General characteristics (Storozhevoy, 1941)
- Class & type: Storozhevoy-class destroyer
- Displacement: 1,727 t (1,700 long tons) (standard); 2,279 t (2,243 long tons) (full load);
- Length: 112.5 m (369 ft 1 in) (o/a)
- Beam: 10.2 m (33 ft 6 in)
- Draft: 3.98 m (13 ft 1 in)
- Installed power: 4 water-tube boilers; 54,000 shp (40,000 kW) (trials);
- Propulsion: 2 shafts, 2 steam turbine sets
- Speed: 40.3 knots (74.6 km/h; 46.4 mph) (trials)
- Endurance: 2,700 nmi (5,000 km; 3,100 mi) at 19 knots (35 km/h; 22 mph)
- Complement: 207 (271 wartime)
- Sensors & processing systems: Mars hydrophones
- Armament: 4 × single 130 mm (5.1 in) guns; 2 × single 76.2 mm (3 in) AA guns; 3 × single 45 mm (1.8 in) AA guns; 4 × single 12.7 mm (0.50 in) DK or DShK machine guns; 2 × triple 533 mm (21 in) torpedo tubes; 58–96 mines; 30 depth charges;

= Soviet destroyer Skory (1939) =

Russian Storozhevoy-class destroyer

Skory (Скорый) was one of 18 s (officially known as Project 7U) built for the Soviet Navy during the late 1930s. Although she began construction as a Project 7 , Skory was completed in 1941 to the modified Project 7U design.

With her sea trials cut short by the beginning of Operation Barbarossa in June, Skory was assigned to the Baltic Fleet and fought in the defense of Tallinn, Estonia, providing naval gunfire support to Soviet troops. During the evacuation of Tallinn on 28 August, she struck a mine while attempting to tow the damaged destroyer leader and was nearly broken in half, sinking within minutes with the loss of 57 crewmen and an unknown number of passengers.

== Design and description==

Originally built as a Gnevny-class ship, Skory and her sister ships were completed to the modified Project 7U design after Joseph Stalin, General Secretary of the Communist Party of the Soviet Union, ordered that the latter be built with their boilers arranged en echelon, instead of linked as in the Gnevnys, so that a ship could still move with one or two boilers disabled.

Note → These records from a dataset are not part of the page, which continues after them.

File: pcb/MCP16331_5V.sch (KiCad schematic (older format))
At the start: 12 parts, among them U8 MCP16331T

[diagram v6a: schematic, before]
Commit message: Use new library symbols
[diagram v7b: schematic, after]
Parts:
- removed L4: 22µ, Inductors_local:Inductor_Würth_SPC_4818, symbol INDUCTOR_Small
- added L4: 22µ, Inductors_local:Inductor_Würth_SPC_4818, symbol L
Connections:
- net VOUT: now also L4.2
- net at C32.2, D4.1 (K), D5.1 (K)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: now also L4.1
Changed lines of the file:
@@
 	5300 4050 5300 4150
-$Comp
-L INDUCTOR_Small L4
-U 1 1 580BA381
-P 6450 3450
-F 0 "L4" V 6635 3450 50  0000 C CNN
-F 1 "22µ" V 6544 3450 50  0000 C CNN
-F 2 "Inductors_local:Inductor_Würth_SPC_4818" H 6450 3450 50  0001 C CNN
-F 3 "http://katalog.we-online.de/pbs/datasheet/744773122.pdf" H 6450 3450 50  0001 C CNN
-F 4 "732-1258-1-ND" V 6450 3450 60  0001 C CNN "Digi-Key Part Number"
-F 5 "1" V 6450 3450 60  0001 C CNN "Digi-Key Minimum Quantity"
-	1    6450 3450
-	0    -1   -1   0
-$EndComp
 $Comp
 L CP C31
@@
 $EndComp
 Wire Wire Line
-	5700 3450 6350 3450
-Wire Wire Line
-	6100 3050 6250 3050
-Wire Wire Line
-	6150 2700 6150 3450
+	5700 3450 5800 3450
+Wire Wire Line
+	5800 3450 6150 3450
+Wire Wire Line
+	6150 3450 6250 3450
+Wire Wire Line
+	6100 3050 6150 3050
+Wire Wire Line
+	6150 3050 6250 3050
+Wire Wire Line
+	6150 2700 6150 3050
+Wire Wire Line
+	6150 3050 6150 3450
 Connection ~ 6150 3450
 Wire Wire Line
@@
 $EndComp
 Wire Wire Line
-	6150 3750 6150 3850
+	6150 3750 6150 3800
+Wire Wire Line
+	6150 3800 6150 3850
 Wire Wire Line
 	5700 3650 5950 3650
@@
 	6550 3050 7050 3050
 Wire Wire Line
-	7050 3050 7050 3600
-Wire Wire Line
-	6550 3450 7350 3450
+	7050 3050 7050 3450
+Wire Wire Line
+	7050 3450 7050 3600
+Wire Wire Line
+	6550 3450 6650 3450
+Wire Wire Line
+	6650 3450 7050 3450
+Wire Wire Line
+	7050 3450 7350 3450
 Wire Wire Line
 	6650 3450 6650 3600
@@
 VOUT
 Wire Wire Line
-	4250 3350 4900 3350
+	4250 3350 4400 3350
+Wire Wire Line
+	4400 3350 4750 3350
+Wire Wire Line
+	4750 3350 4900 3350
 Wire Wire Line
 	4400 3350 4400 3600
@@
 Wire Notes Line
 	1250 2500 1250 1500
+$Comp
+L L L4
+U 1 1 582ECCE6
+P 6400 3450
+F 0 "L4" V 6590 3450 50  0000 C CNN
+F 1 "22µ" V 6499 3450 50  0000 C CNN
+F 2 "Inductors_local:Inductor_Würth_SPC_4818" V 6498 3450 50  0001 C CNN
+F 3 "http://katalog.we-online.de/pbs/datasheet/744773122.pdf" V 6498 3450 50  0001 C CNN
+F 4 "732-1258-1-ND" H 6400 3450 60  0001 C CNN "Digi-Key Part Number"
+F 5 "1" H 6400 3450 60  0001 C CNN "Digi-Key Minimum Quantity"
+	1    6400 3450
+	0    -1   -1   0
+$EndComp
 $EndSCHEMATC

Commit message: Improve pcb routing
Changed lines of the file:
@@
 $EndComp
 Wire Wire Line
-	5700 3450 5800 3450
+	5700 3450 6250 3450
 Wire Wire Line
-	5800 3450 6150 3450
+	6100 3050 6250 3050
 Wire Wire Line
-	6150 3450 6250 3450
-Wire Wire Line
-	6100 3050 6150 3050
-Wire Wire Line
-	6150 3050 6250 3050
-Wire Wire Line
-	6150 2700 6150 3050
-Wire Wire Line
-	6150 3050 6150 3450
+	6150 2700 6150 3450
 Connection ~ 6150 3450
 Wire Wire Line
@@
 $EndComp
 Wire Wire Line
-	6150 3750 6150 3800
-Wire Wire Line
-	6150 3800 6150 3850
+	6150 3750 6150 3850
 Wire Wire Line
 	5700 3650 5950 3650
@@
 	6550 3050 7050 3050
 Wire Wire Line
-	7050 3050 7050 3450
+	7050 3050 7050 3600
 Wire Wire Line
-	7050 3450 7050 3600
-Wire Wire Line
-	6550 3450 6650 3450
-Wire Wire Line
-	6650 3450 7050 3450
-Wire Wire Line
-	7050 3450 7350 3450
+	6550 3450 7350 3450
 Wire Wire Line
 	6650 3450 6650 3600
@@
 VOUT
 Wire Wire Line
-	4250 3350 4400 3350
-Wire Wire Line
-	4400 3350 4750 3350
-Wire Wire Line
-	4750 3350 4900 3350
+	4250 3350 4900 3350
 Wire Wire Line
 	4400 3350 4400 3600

Like the Gnevnys, the Project 7U destroyers had an overall length of 112.5 m and a beam of 10.2 m, but they had a reduced draft of 3.98 m at deep load. The ships were slightly overweight, displacing 1727 MT at standard load and 2279 MT at deep load. The crew complement of the Storozhevoy class numbered 207 in peacetime, but this increased to 271 in wartime, as more personnel were needed to operate additional equipment. Each ship had a pair of geared steam turbines, each driving one propeller, rated to produce 54000 shp using steam from four water-tube boilers, which the designers expected would exceed the 37 kn speed of the Project 7s because there was additional steam available. Some fell short of it, although specific figures for most individual ships have not survived. Variations in fuel oil capacity meant that the range of the Project 7Us varied from 1380 to 2700 nmi at 19 kn, that upper figure demonstrated by Storozhevoy.

The Project 7U-class ships mounted four 130 mm B-13 guns in two pairs of superfiring single mounts fore and aft of the superstructure. Anti-aircraft defense was provided by a pair of 76.2 mm 34-K AA guns in single mounts and three 45 mm 21-K AA guns, as well as four 12.7 mm DK or DShK machine guns. They carried six 533 mm torpedo tubes in two rotating triple mounts amidships. The ships could also carry a maximum of 58 to 96 mines and 30 depth charges. They were fitted with a set of Mars hydrophones for anti-submarine work, although these were useless at speeds over 3 kn.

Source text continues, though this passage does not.